> _AIM OF THE EXERCISE_
Look below. Copy each line that has "Number" in it.

> _MATERIAL PROVIDED_
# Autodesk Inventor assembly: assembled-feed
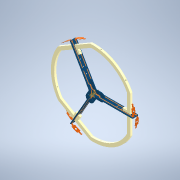
[picture p0: Inventor's stored thumbnail of the model, 180x180]
Saved by Autodesk Inventor 2021 (Build 250183000, 183)
## iProperties
Created: 2020-09-03
Part Number: assembled-feed
Document SubType Name: Assembly
Designer: dsouthall
Author: dsouthall
## iProperties of the stored document tri-slot-hub_with_copper.iam
Created: 2020-11-17
Part Number: tri-slot-hub_with_copper
Description: FreeCAD Model
Document SubType Name: Assembly
Designer: dsouthall
Authority: Unknown
Sending System: FreeCAD
Preprocessor: Open CASCADE STEP processor 7.3
Title: C:/Users/dsouthall/OneDrive - The University of Chicago/Hpol/hpol-prototype/design/Feed Design/tri-slot-hub/tri-slot-hub_with_copper.stp
Author: Author
## iProperties of the stored document board_solid#F.Cu.ipt
Created: 2020-11-17
Part Number: board_solid#F.Cu
Material: Generic
Document SubType Name: Modeling
Designer: dsouthall
Density: 1 g/cm^3
Appearance: Default
Author: dsouthall
## iProperties of the stored document coppers_drilled#F.Cu.ipt
Created: 2020-11-17
Part Number: coppers_drilled#F.Cu
Material: Generic
Document SubType Name: Modeling
Designer: dsouthall
Density: 1 g/cm^3
Appearance: Default
Author: dsouthall
## Documents named in this file (8)
- C:\Users\dsouthall\OneDrive - The University of Chicago\Hpol\hpol-prototype\design\Tri-Slot\Model 8 in\assembled-feed.iam
- C:\Users\dsouthall\OneDrive - The University of Chicago\Hpol\hpol-prototype\design\Tri-Slot\Model 8 in\assembled-feed_feedline_8in.iam
- C:\Users\dsouthall\OneDrive - The University of Chicago\Hpol\hpol-prototype\design\Tri-Slot\Model 8 in\source\insert_8in.ipt
- **C:\Users\dsouthall\OneDrive - The University of Chicago\Hpol\hpol-prototype\design\Tri-Slot\Model 8 in\assembled-feed.iam*LocalDocs*xAaaaauaaAaaaaaaaAaaaanutLe*tri-slot-hub_with_copper.iam
- C:\Users\dsouthall\OneDrive - The University of Chicago\Hpol\hpol-prototype\design\Tri-Slot\Model 8 in\source\hub\COMPOUND.ipt
- C:\Users\dsouthall\OneDrive - The University of Chicago\Hpol\hpol-prototype\design\Feed Design\tri-slot-hub\tri-slot-hub_with_copper.stp
- **C:\Users\dsouthall\OneDrive - The University of Chicago\Hpol\hpol-prototype\design\Tri-Slot\Model 8 in\assembled-feed.iam*LocalDocs*xAaaaauaaAaaaaaaaAaaaagoyTg*board_solid#F.Cu.ipt
- **C:\Users\dsouthall\OneDrive - The University of Chicago\Hpol\hpol-prototype\design\Tri-Slot\Model 8 in\assembled-feed.iam*LocalDocs*xAaaaq5caAaaaaaaaAaaaq2x2Ke*coppers_drilled#F.Cu.ipt
## Components (8 placed, 4 different names)
1. assembled-feed_feedline_8in:1 [sub-assembly] — Insert:4, Insert:6, Flush:2, Flush:3, Mate:5, Angle:4
2. assembled-feed_feedline_8in:2 [sub-assembly] — Insert:1, Insert:5, Mate:3, Mate:4, Flush:2, Mate:10
3. assembled-feed_feedline_8in:3 [sub-assembly] — Insert:2, Insert:3, Flush:3
4. insert_8in:1 — Insert:5, Insert:6, Mate:1, Angle:3
5. insert_8in:2 — Insert:1, Insert:2
6. insert_8in:3 — Insert:3, Insert:4
7. tri-slot-hub_with_copper:1 [sub-assembly] — Insert:7, Angle:2, Mate:3, Mate:4, Mate:5
8. COMPOUND:1 — Insert:7, Angle:2
## Relationships (23: Mate 10, Insert 7, Flush 3, Angle 3)
- Flush:1 (-3.9973 mm)
- Insert:1: assembled-feed_feedline_8in:2 ↔ insert_8in:2
- Insert:2: assembled-feed_feedline_8in:3 ↔ insert_8in:2
- Insert:3: assembled-feed_feedline_8in:3 ↔ insert_8in:3
- Insert:4: assembled-feed_feedline_8in:1 ↔ insert_8in:3
- Insert:5: assembled-feed_feedline_8in:2 ↔ insert_8in:1
- Insert:6: assembled-feed_feedline_8in:1 ↔ insert_8in:1
- Insert:7: tri-slot-hub_with_copper:1 ↔ COMPOUND:1
- Angle:2 (0 deg): tri-slot-hub_with_copper:1 ↔ COMPOUND:1
- Mate:1: insert_8in:1
- Angle:3 (0 deg): insert_8in:1
- Mate:2
- Mate:3: assembled-feed_feedline_8in:2 ↔ tri-slot-hub_with_copper:1
- Mate:4: assembled-feed_feedline_8in:2 ↔ tri-slot-hub_with_copper:1
- Flush:2: assembled-feed_feedline_8in:1 ↔ assembled-feed_feedline_8in:2
- Flush:3: assembled-feed_feedline_8in:1 ↔ assembled-feed_feedline_8in:3
- Mate:5: assembled-feed_feedline_8in:1 ↔ tri-slot-hub_with_copper:1
- Mate:6
- Mate:7
- Mate:9
- Mate:10 (-7 mm): assembled-feed_feedline_8in:2
- Angle:4 (0 deg): assembled-feed_feedline_8in:1
- Mate:11 (-3.9973 mm)

> _YOUR SOLUTION_
Part Number: assembled-feed
Part Number: tri-slot-hub_with_copper
Part Number: board_solid#F.Cu
Part Number: coppers_drilled#F.Cu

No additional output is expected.